Man is by nature a social animal; an individual who is unsocial naturally and not accidentally is either beneath our notice or more than human. Society is something that precedes the individual. Anyone who either cannot lead the common life or is so self-sufficient as not to need to, and therefore does not partake of society, is either a beast or a god.” – Aristotle, The Politics.
Fast forward to today, and I haven’t called on my neighbour since before the first Jurassic Park movie came out.
Social media has negatively affected every (formerly) social activity.
I see us capturing moments – beautiful sunrises and breathtaking full moons – through Instagram filters instead of capturing them with our eyes and keeping them in our souls.
We write those moments as Snapchat stories instead of writing them across our hearts, as part of our own stories that are constantly unfolding.
We use the check in button on Facebook to let our friends know where we are and what we’re doing, instead of checking in with a call or catching up with a visit.
We’ve mastered messaging with “abreeves” but forgotten how to carry a face-to-face conversation.
We live tweet sports events from our couch instead of taking a road trip to catch a live sporting event with some friends.
We text acquaintances while we sit around a table with our actual friends.
We don’t notice the love of our life next to us in the cafe because our eyes are down on our phone as we try to find love on Tinder. They walk in and out of our lives while we’re swiping right and left.
We’ve exchanged real friends for followers and lovers for “matches.”
And yet, don’t we think it’s a little strange that, in a world of nearly seven and a half billion (7 383 900 000) people, so many of us feel like we’re alone?
It’s because we are alone. Every social media platform offers an additional layer to a wall we’re building between ourselves and those around us. Another filter. More paint on our masks.
We’re given the means to limit and skew the images of ourselves that we put out there, and everyone else is doing the same. It becomes a terrifying idea to show people who we really are, so we don’t. Everyone tries to be like everyone else.
We’re creating a world where no one will truly know anyone.
I think that’s a tragic thing, because the greatest protectors of the beautiful uniqueness and natural individuality we possess as humans should be all of us, together.
Governments and, further back, religions have always feared and denounced the individual; the threat to the status quo.

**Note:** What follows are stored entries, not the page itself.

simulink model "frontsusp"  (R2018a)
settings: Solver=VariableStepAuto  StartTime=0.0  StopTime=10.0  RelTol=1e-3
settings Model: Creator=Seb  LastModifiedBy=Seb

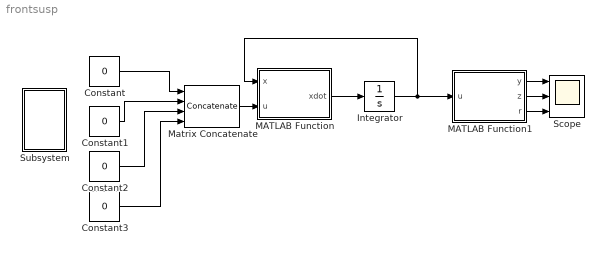
== system frontsusp ==
  Constant{,1..3} (4 alike) : Constant  Value=0
  Integrator : Integrator  InitialCondition=[0 0 0 0 0 0].'
  MATLAB Function : MATLAB Function  TreatAsAtomicUnit=on
  MATLAB Function1 : MATLAB Function  TreatAsAtomicUnit=on
  Matrix Concatenate : Concatenate  NumInputs=4  Mode=Multidimensional array  ConcatenateDimension=2
  Scope : Scope  NumInputPorts=3
  Subsystem : Subsystem
  wires:
  MATLAB Function/1(xdot) -> Integrator/1
  Integrator/1 -> MATLAB Function1/1(u), MATLAB Function/1(x)
  Constant/1 -> Matrix Concatenate/1
  Constant1/1 -> Matrix Concatenate/2
  Constant2/1 -> Matrix Concatenate/3
  Constant3/1 -> Matrix Concatenate/4
  Matrix Concatenate/1 -> MATLAB Function/2(u)
  MATLAB Function1/1(y) -> Scope/1
  MATLAB Function1/2(z) -> Scope/2
  MATLAB Function1/3(r) -> Scope/3

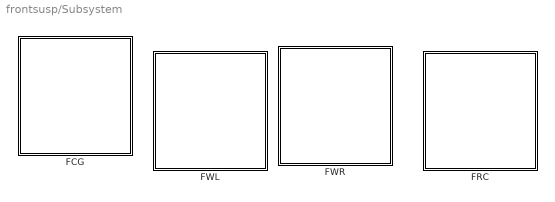
== system frontsusp/Subsystem ==
  FCG : Subsystem  DialogController=hmiCreateDDGDialog  IsWebBlock=on  mask(MWDashboardBlock){webBlockId=e7474ebc-52c4-474b-8036-e4bcff60fafa, webBlockType=continuousknob, ShowInLibBrowser=on, ShowInitialText=on, HMISrcModelName=frontsusp}
      mask prompts: webBlockId "WebBlock Id"; webBlockType "WebBlock Type"; HMISrcModelName "Source Model"
      mask help: SimulinkHMI:dialogs:ContinuousKnobDialogDesc
      mask Help: helpview([docroot '/mapfiles/simulink.map'], 'hmi_knob')
      mask Display:
      | if strcmp(get_param(bdroot(gcb),'BlockDiagramType'), 'library')
      |     image([(matlabroot) '/toolbox/simulink/hmi/icons/ContinuousKnob.png']);
      | end
  FRC : Subsystem  DialogController=hmiCreateDDGDialog  IsWebBlock=on  mask(MWDashboardBlock){webBlockId=dbe03f35-0bda-4943-861c-fa44fdb9e248, webBlockType=continuousknob, ShowInLibBrowser=on, ShowInitialText=on, HMISrcModelName=frontsusp}
      mask prompts: webBlockId "WebBlock Id"; webBlockType "WebBlock Type"; HMISrcModelName "Source Model"
      mask help: SimulinkHMI:dialogs:ContinuousKnobDialogDesc
      mask Help: helpview([docroot '/mapfiles/simulink.map'], 'hmi_knob')
      mask Display:
      | if strcmp(get_param(bdroot(gcb),'BlockDiagramType'), 'library')
      |     image([(matlabroot) '/toolbox/simulink/hmi/icons/ContinuousKnob.png']);
      | end
  FWL : Subsystem  DialogController=hmiCreateDDGDialog  IsWebBlock=on  mask(MWDashboardBlock){webBlockId=6a58f6f3-af90-4d87-bb64-525b631442a4, webBlockType=continuousknob, ShowInLibBrowser=on, ShowInitialText=on, HMISrcModelName=frontsusp}
      mask prompts: webBlockId "WebBlock Id"; webBlockType "WebBlock Type"; HMISrcModelName "Source Model"
      mask help: SimulinkHMI:dialogs:ContinuousKnobDialogDesc
      mask Help: helpview([docroot '/mapfiles/simulink.map'], 'hmi_knob')
      mask Display:
      | if strcmp(get_param(bdroot(gcb),'BlockDiagramType'), 'library')
      |     image([(matlabroot) '/toolbox/simulink/hmi/icons/ContinuousKnob.png']);
      | end
  FWR : Subsystem  DialogController=hmiCreateDDGDialog  IsWebBlock=on  mask(MWDashboardBlock){webBlockId=f9ef0bb1-865b-4ac9-b4c3-7081c3261898, webBlockType=continuousknob, ShowInLibBrowser=on, ShowInitialText=on, HMISrcModelName=frontsusp}
      mask prompts: webBlockId "WebBlock Id"; webBlockType "WebBlock Type"; HMISrcModelName "Source Model"
      mask help: SimulinkHMI:dialogs:ContinuousKnobDialogDesc
      mask Help: helpview([docroot '/mapfiles/simulink.map'], 'hmi_knob')
      mask Display:
      | if strcmp(get_param(bdroot(gcb),'BlockDiagramType'), 'library')
      |     image([(matlabroot) '/toolbox/simulink/hmi/icons/ContinuousKnob.png']);
      | end

== system frontsusp/Subsystem/FCG ==

== system frontsusp/Subsystem/FRC ==

== system frontsusp/Subsystem/FWL ==

== system frontsusp/Subsystem/FWR ==

== matlab function frontsusp/MATLAB Function1 ==
  data: u input; y output; z output; r output
function [y,z,r] = fcn(u)

y = u(1);
z = u(2);
r = u(3);

== matlab function frontsusp/MATLAB Function ==
  data: x input; u input; xdot output
function xdot = fcn(x,u)
%        [k b l h s m I g].';

params = [10000 1000 2 0.3 0.05 150 20 9.81].';
xdot = suspmodel(x,u,params);

And yet, individuals such as Copernicus, da Vinci, Tesla, Picasso, and Einstein did amazing things by questioning that same status quo, by letting their unique thoughts and feelings be their compass.
They didn’t follow tradition, and we celebrated them for it.

I’m afraid we’re starting to lose that. We’re falling into line.
Not because of fear or oppression – those things could never break our powerful spirit – but because of distraction.
The irony of it all is that I’m communicating this via an outlet that was only born in the age of social media, and sharing it on multiple social media platforms.
I think our advances in technology and our ability to connect with one another is astounding.
I’m thankful for Skype, Instagram, and other means of keeping in touch with all of those that I love and miss at home.
I just think it’s important that in our quest to be more connected, we don’t severe our connection to each other; that we don’t become the snake that eats its own tail.
Recognize each other. Appreciate someone when they do something differently, wear something strange, or embrace their authentic self in any way at all.
You’ll find people start encouraging you to do the same.
And, my God, that will be a beautiful thing.